Взгляд девушки помрачнел. В воздухе появилось напряжение.
— Тебе обязательно было это говорить? — Морозова поджала губы.
— А это разве не правда?
Дарья ничего не ответила, лишь встала и молча подошла к окну. На улице уже стемнело, серый, тёмный двор был залит жёлтым светом приподъездного фонаря. Продрогшая дворняжка свернулась калачиком на чёрной клумбе, не так давно сбросившей остатки грязного весеннего снега. В душе Морозова вдруг почувствовала себя такой же продрогшей и одинокой, как эта бездомная собака. Непрошенные слёзы выступили и против желания хозяйки покатились по щекам.
Сазонов обнял девушку и поцеловал в волосы. Ему нравилось так делать. Но сейчас не было в этом и тени страсти, только нежность. Он развернул её к себе и ласково прикоснулся своими губами к её.
— Даша, ты больше не маленькая девочка. Тебе не нужно спрашивать разрешения у мамы и папы. Хочешь, сделай себе тату или покрась волосы в зелёный — я не против. Тебе не обязательно быть хорошей для кого-то, понимаешь?
Тепло и ласка растопили тяжесть в душе Морозовой, она улыбнулась и промокнула слезинку рукавом халата.
— Думаю, зелёные волосы — это слишком как-то.
Напряжение спало, а рассыпавшийся по комнате смех как-то незаметно для обоих перешёл в поцелуй. Затем второй, третий. Потом халат Морозовой мягко опустился на пол, а за ним и сама Морозова.
— Ты так и не закрыл жалюзи, — прошептала Дарья прерывающимся от острых ощущений голосом.
— Мы всё равно на полу, — Кирилл продолжал покрывать её кожу поцелуями. — Нас никто не увидит, а если и увидит — пусть завидуют.
Он снова загорелся как спичка. Одно мгновение — и он уже возбуждён до предела. Голова кругом от запаха её кожи, от приоткрытых влажных губ, от собственной дрожи в теле, когда она острыми ноготками едва касается его спины.
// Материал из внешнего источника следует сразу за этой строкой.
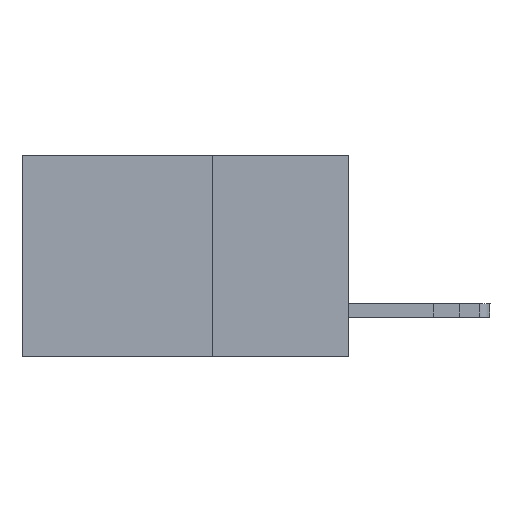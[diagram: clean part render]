
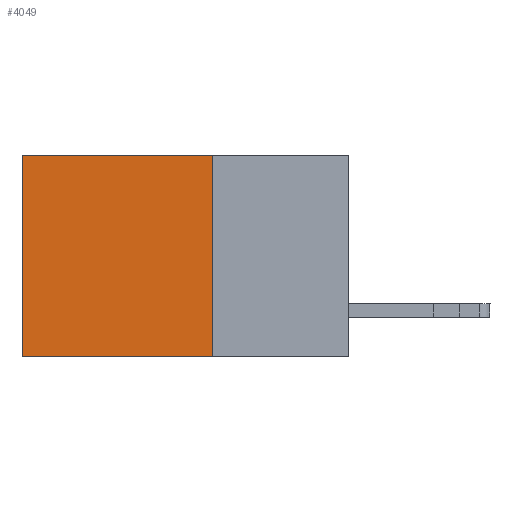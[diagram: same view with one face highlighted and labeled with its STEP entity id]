
A CAD part, left-side view. The second image highlights one B-rep face of the part: STEP entity #4049.
In plain terms, the highlighted planar face has unit normal (-1, 0, 0).
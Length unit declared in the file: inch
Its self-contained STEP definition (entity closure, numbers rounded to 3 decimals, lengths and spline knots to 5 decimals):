
#224 = VERTEX_POINT ( 'NONE', #5719 ) ;
#519 = CARTESIAN_POINT ( 'NONE',  ( 0.2615, 0.6, 0. ) ) ;
#587 = DIRECTION ( 'NONE',  ( 0., 0., -1. ) ) ;
#766 = ORIENTED_EDGE ( 'NONE', *, *, #7043, .F. ) ;
#940 = DIRECTION ( 'NONE',  ( 0., 0., -1. ) ) ;
#1031 = DIRECTION ( 'NONE',  ( 0., 0., -1. ) ) ;
#1944 = LINE ( 'NONE', #4391, #9445 ) ;
#2367 = ORIENTED_EDGE ( 'NONE', *, *, #13834, .T. ) ;
#3495 = ORIENTED_EDGE ( 'NONE', *, *, #14351, .T. ) ;
#3519 = CARTESIAN_POINT ( 'NONE',  ( 0.2615, 0.6, -0.37 ) ) ;
#4049 = ADVANCED_FACE ( 'NONE', ( #11309 ), #11228, .F. ) ;
#4350 = CARTESIAN_POINT ( 'NONE',  ( 0.2615, 0.25, -0.37 ) ) ;
#4391 = CARTESIAN_POINT ( 'NONE',  ( 0.2615, 0.25, -0.37 ) ) ;
#4531 = CARTESIAN_POINT ( 'NONE',  ( 0.2615, 0.25, 0. ) ) ;
#4675 = VERTEX_POINT ( 'NONE', #4531 ) ;
#4744 = CARTESIAN_POINT ( 'NONE',  ( 0.2615, 0.25, -0.37 ) ) ;
#5177 = VECTOR ( 'NONE', #587, 39.37008 ) ;
#5636 = LINE ( 'NONE', #4744, #13847 ) ;
#5719 = CARTESIAN_POINT ( 'NONE',  ( 0.2615, 0.25, -0.37 ) ) ;
#6882 = DIRECTION ( 'NONE',  ( 0., 1., 0. ) ) ;
#7043 = EDGE_CURVE ( 'NONE', #224, #10023, #5636, .T. ) ;
#7306 = VERTEX_POINT ( 'NONE', #519 ) ;
#7325 = DIRECTION ( 'NONE',  ( 0., 1., 0. ) ) ;
#8413 = CARTESIAN_POINT ( 'NONE',  ( 0.2615, 0.25, 0. ) ) ;
#8480 = ORIENTED_EDGE ( 'NONE', *, *, #11229, .F. ) ;
#9445 = VECTOR ( 'NONE', #1031, 39.37008 ) ;
#10023 = VERTEX_POINT ( 'NONE', #3519 ) ;
#10867 = VECTOR ( 'NONE', #7325, 39.37008 ) ;
#10897 = CARTESIAN_POINT ( 'NONE',  ( 0.2615, 0.6, -0.37 ) ) ;
#11228 = PLANE ( 'NONE',  #12266 ) ;
#11229 = EDGE_CURVE ( 'NONE', #4675, #224, #1944, .T. ) ;
#11309 = FACE_OUTER_BOUND ( 'NONE', #12152, .T. ) ;
#11949 = LINE ( 'NONE', #8413, #10867 ) ;
#12152 = EDGE_LOOP ( 'NONE', ( #2367, #766, #8480, #3495 ) ) ;
#12266 = AXIS2_PLACEMENT_3D ( 'NONE', #4350, #12395, #940 ) ;
#12395 = DIRECTION ( 'NONE',  ( 1., 0., 0. ) ) ;
#13834 = EDGE_CURVE ( 'NONE', #7306, #10023, #14273, .T. ) ;
#13847 = VECTOR ( 'NONE', #6882, 39.37008 ) ;
#14273 = LINE ( 'NONE', #10897, #5177 ) ;
#14351 = EDGE_CURVE ( 'NONE', #4675, #7306, #11949, .T. ) ;

Прелюдия была короткой. В первую близость Кирилл всего себя посвятил её удовольствию, в этот же раз он взял реванш. Он отпустил себя, сжёг все предохранители, насладился ею на полную катушку. Был так глубоко и так близко, как только это было возможно. Ловил каждый её стон, чувствовал каждое движение, вёл за собой, заставляя принимать его правила игры. А потом рухнул рядом на прохладный пол. Было так хорошо, что колени занемели, а мысли разбежались и обратно возвращаться не хотели.
Сколько прошло времени — пять минут или пять часов — в этом состоянии Сазонову трудно было определить, когда Морозова пошевелилась и тихонько прошептала:
— Вставай, пол холодный, простудишься.
Кирилл нехотя поднялся, потом подал руку Дарье.
— У тебя можно душ принять?
— Конечно.
Она снова закуталась в халат, но выглядела уже более раскованной.
— Свежее полотенце в шкафчике за зеркалом.
Когда Кирилл уходил, они почти не говорили. Да и незачем было. Слишком сильно сегодня по ним прошёлся ураган ощущений.
— На счёт тату ты всё же подумай, — Кирилл легонько поцеловал Дарью перед уходом. — Я помогу тебе найти хорошего мастера.
— Подумаю, — улыбнулась она в ответ.
Свежий ветер ударил в лицо, заставив сделать глубокий вдох. От кислорода кровь по венам побежала быстрее, и Сазонов, вставляя ключ зажигания, уже предвкушал, как разгонит мотоцикл, насладится скоростью. Нужно было проветрить голову.
Телефон завибрировал во внутреннем кармане куртки, когда Кирилл уже тронулся с места. Пришлось притормозить. Звонок был от Костика.
— Привет, Кирюх, занят?
— Относительно. Домой собираюсь ехать.
— Тёма и Тим в клуб зовут в город, ты что думаешь?
— Я — пас, Костик, покатаюсь немного и домой. Хочешь, давай погоняем на «Распиле».
Костя Левищев помолчал немного, видимо выбирая между небольшим драйвом на мотоцикле и тусовкой с близнецами, которая обычно проходит куда более драйвово.
— Ладно, бро, давай на «Распил», не особо мне и хотелось с ними идти, сам знаешь, чем обычно заканчиваются наши встречи, особенно в городе. Минут через пятнадцать?